Cramér-Rao Bound Analysis of Underdetermined Wideband DOA Estimation under the Subband Model via Frequency Decomposition

A class of Cramér-Rao bounds (CRBs) for wideband direction-of-arrival (DOA) estimation under the subband (or frequency bin) model is studied for the underdetermined case, where the number of sources is no less than that of physical sensors. A unified framework is proposed to encompass the closed-form CRB expressions for DOAs in four cases where the sources are known a priori to 1) have flat spectra/cross spectra, 2) be spatially uncorrelated, 3) be spatially uncorrelated and have proportional spectra up to unknown factors, 4) be spatially uncorrelated and have flat spectra. The relationship between the wideband CRBs and the subband ones is investigated, and the order relationship among the derived CRBs are provided. The asymptotic behavior of the CRBs with respect to the number of snapshots and the signal-to-noise ratio (SNR) is discussed. Two asymptotic expressions for sufficiently large SNR are derived in both overdetermined and underdetermined cases. Existence of the derived CRBs is examined through rank conditions of the introduced matrices, which yields upper bounds on the resolution capacities.
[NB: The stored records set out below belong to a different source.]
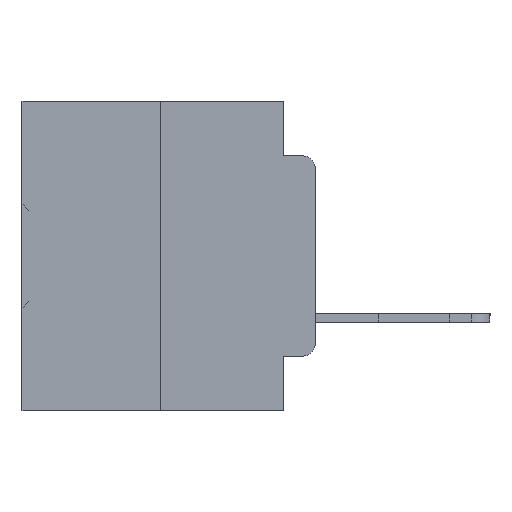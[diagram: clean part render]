
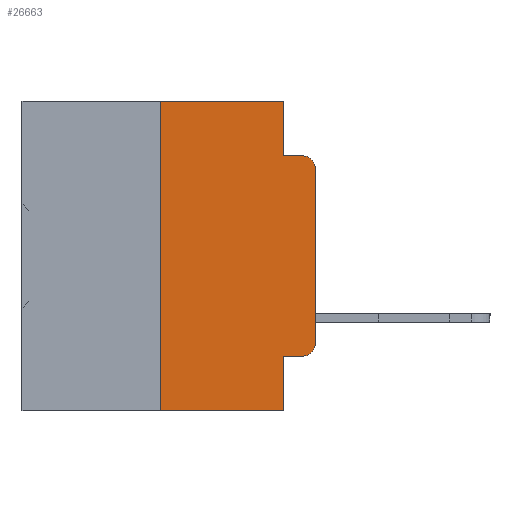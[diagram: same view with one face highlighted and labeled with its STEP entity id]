
A CAD part, left-side view. The second image highlights one B-rep face of the part: STEP entity #26663.
In plain terms, the highlighted planar face has unit normal (-1, 0, 0).
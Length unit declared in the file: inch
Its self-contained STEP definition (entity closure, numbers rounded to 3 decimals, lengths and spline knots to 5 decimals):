
#154 = DIRECTION ( 'NONE',  ( 0., 0., -1. ) ) ;
#941 = FACE_OUTER_BOUND ( 'NONE', #30080, .T. ) ;
#1112 = ORIENTED_EDGE ( 'NONE', *, *, #12248, .T. ) ;
#1768 = VERTEX_POINT ( 'NONE', #36380 ) ;
#2023 = DIRECTION ( 'NONE',  ( 0., 0., -1. ) ) ;
#2344 = LINE ( 'NONE', #2949, #23385 ) ;
#2350 = CARTESIAN_POINT ( 'NONE',  ( 0., 0.02, -0.4115 ) ) ;
#2720 = DIRECTION ( 'NONE',  ( 0., 0., -1. ) ) ;
#2949 = CARTESIAN_POINT ( 'NONE',  ( 0., 0.473, 0. ) ) ;
#2981 = VERTEX_POINT ( 'NONE', #11474 ) ;
#3852 = LINE ( 'NONE', #6824, #25783 ) ;
#5730 = EDGE_CURVE ( 'NONE', #36417, #1768, #3852, .T. ) ;
#5749 = CARTESIAN_POINT ( 'NONE',  ( 0., 0.25, -0.5 ) ) ;
#6105 = ORIENTED_EDGE ( 'NONE', *, *, #5730, .T. ) ;
#6185 = AXIS2_PLACEMENT_3D ( 'NONE', #30549, #13515, #33371 ) ;
#6299 = CARTESIAN_POINT ( 'NONE',  ( 0., 0.25, 0. ) ) ;
#6824 = CARTESIAN_POINT ( 'NONE',  ( 0., 0., 0. ) ) ;
#6929 = VERTEX_POINT ( 'NONE', #24255 ) ;
#7170 = LINE ( 'NONE', #9047, #21484 ) ;
#7693 = CARTESIAN_POINT ( 'NONE',  ( 0., 0.473, 0. ) ) ;
#7795 = CIRCLE ( 'NONE', #6185, 0.02 ) ;
#7893 = VECTOR ( 'NONE', #21350, 39.37008 ) ;
#8385 = CIRCLE ( 'NONE', #18694, 0.02 ) ;
#8658 = ORIENTED_EDGE ( 'NONE', *, *, #14152, .T. ) ;
#9005 = LINE ( 'NONE', #16842, #24184 ) ;
#9047 = CARTESIAN_POINT ( 'NONE',  ( 0., 0.051, -0.0885 ) ) ;
#9092 = DIRECTION ( 'NONE',  ( 0., 0., -1. ) ) ;
#9466 = LINE ( 'NONE', #34334, #23746 ) ;
#10687 = VECTOR ( 'NONE', #9092, 39.37008 ) ;
#11379 = AXIS2_PLACEMENT_3D ( 'NONE', #7693, #19181, #2023 ) ;
#11474 = CARTESIAN_POINT ( 'NONE',  ( 0., 0.02, -0.0885 ) ) ;
#11563 = ORIENTED_EDGE ( 'NONE', *, *, #29408, .F. ) ;
#11818 = VERTEX_POINT ( 'NONE', #5749 ) ;
#11909 = DIRECTION ( 'NONE',  ( 0., -1., 0. ) ) ;
#12248 = EDGE_CURVE ( 'NONE', #25647, #36417, #7795, .T. ) ;
#13139 = VERTEX_POINT ( 'NONE', #18095 ) ;
#13161 = CARTESIAN_POINT ( 'NONE',  ( 0., 0.473, -0.5 ) ) ;
#13515 = DIRECTION ( 'NONE',  ( -1., 0., 0. ) ) ;
#14152 = EDGE_CURVE ( 'NONE', #6929, #25647, #9005, .T. ) ;
#14358 = DIRECTION ( 'NONE',  ( 0., -1., 0. ) ) ;
#14693 = ORIENTED_EDGE ( 'NONE', *, *, #27518, .F. ) ;
#14969 = ORIENTED_EDGE ( 'NONE', *, *, #17990, .F. ) ;
#16077 = EDGE_CURVE ( 'NONE', #6929, #13139, #34216, .T. ) ;
#16516 = CARTESIAN_POINT ( 'NONE',  ( 0., 0.051, -0.0885 ) ) ;
#16829 = ORIENTED_EDGE ( 'NONE', *, *, #31294, .T. ) ;
#16842 = CARTESIAN_POINT ( 'NONE',  ( 0., 0.051, -0.4115 ) ) ;
#17990 = EDGE_CURVE ( 'NONE', #11818, #34008, #23089, .T. ) ;
#18095 = CARTESIAN_POINT ( 'NONE',  ( 0., 0.051, -0.5 ) ) ;
#18246 = VECTOR ( 'NONE', #27478, 39.37008 ) ;
#18498 = CARTESIAN_POINT ( 'NONE',  ( 0., 0.25, 0. ) ) ;
#18694 = AXIS2_PLACEMENT_3D ( 'NONE', #36735, #19896, #2720 ) ;
#19181 = DIRECTION ( 'NONE',  ( 1., 0., 0. ) ) ;
#19664 = CARTESIAN_POINT ( 'NONE',  ( 0., 0., -0.3915 ) ) ;
#19896 = DIRECTION ( 'NONE',  ( -1., 0., 0. ) ) ;
#20434 = CARTESIAN_POINT ( 'NONE',  ( 0., 0.051, 0. ) ) ;
#20657 = EDGE_CURVE ( 'NONE', #34008, #36102, #2344, .T. ) ;
#21350 = DIRECTION ( 'NONE',  ( 0., 0., 1. ) ) ;
#21484 = VECTOR ( 'NONE', #11909, 39.37008 ) ;
#21799 = CARTESIAN_POINT ( 'NONE',  ( 0., 0.051, 0. ) ) ;
#22240 = VERTEX_POINT ( 'NONE', #16516 ) ;
#22969 = ORIENTED_EDGE ( 'NONE', *, *, #20657, .F. ) ;
#23089 = LINE ( 'NONE', #18498, #7893 ) ;
#23385 = VECTOR ( 'NONE', #14358, 39.37008 ) ;
#23746 = VECTOR ( 'NONE', #154, 39.37008 ) ;
#23946 = ORIENTED_EDGE ( 'NONE', *, *, #16077, .F. ) ;
#23958 = DIRECTION ( 'NONE',  ( 0., 0., 1. ) ) ;
#24184 = VECTOR ( 'NONE', #36553, 39.37008 ) ;
#24255 = CARTESIAN_POINT ( 'NONE',  ( 0., 0.051, -0.4115 ) ) ;
#25647 = VERTEX_POINT ( 'NONE', #2350 ) ;
#25783 = VECTOR ( 'NONE', #23958, 39.37008 ) ;
#25813 = ORIENTED_EDGE ( 'NONE', *, *, #34825, .T. ) ;
#26663 = ADVANCED_FACE ( 'NONE', ( #941 ), #36080, .F. ) ;
#27478 = DIRECTION ( 'NONE',  ( 0., -1., 0. ) ) ;
#27518 = EDGE_CURVE ( 'NONE', #36102, #22240, #9466, .T. ) ;
#29408 = EDGE_CURVE ( 'NONE', #22240, #2981, #7170, .T. ) ;
#30080 = EDGE_LOOP ( 'NONE', ( #6105, #16829, #11563, #14693, #22969, #14969, #25813, #23946, #8658, #1112 ) ) ;
#30549 = CARTESIAN_POINT ( 'NONE',  ( 0., 0.02, -0.3915 ) ) ;
#31294 = EDGE_CURVE ( 'NONE', #1768, #2981, #8385, .T. ) ;
#33303 = LINE ( 'NONE', #13161, #18246 ) ;
#33371 = DIRECTION ( 'NONE',  ( 0., 0., -1. ) ) ;
#34008 = VERTEX_POINT ( 'NONE', #6299 ) ;
#34216 = LINE ( 'NONE', #20434, #10687 ) ;
#34334 = CARTESIAN_POINT ( 'NONE',  ( 0., 0.051, 0. ) ) ;
#34825 = EDGE_CURVE ( 'NONE', #11818, #13139, #33303, .T. ) ;
#36080 = PLANE ( 'NONE',  #11379 ) ;
#36102 = VERTEX_POINT ( 'NONE', #21799 ) ;
#36380 = CARTESIAN_POINT ( 'NONE',  ( 0., 0., -0.1085 ) ) ;
#36417 = VERTEX_POINT ( 'NONE', #19664 ) ;
#36553 = DIRECTION ( 'NONE',  ( 0., -1., 0. ) ) ;
#36735 = CARTESIAN_POINT ( 'NONE',  ( 0., 0.02, -0.1085 ) ) ;

Different from the narrowband scenario, underdetermined wideband DOA estimation is feasible even if a sparse array is not used given different a priori knowledge about the source spectra. It is possible to resolve more wideband Gaussian sources than the number of DOFs offered by the difference co-array. Finally, further interpretations of the subband model are provided, revealing the underlying connections with the multi-frequency co-array augmentation concept and the non-coherent subarray system.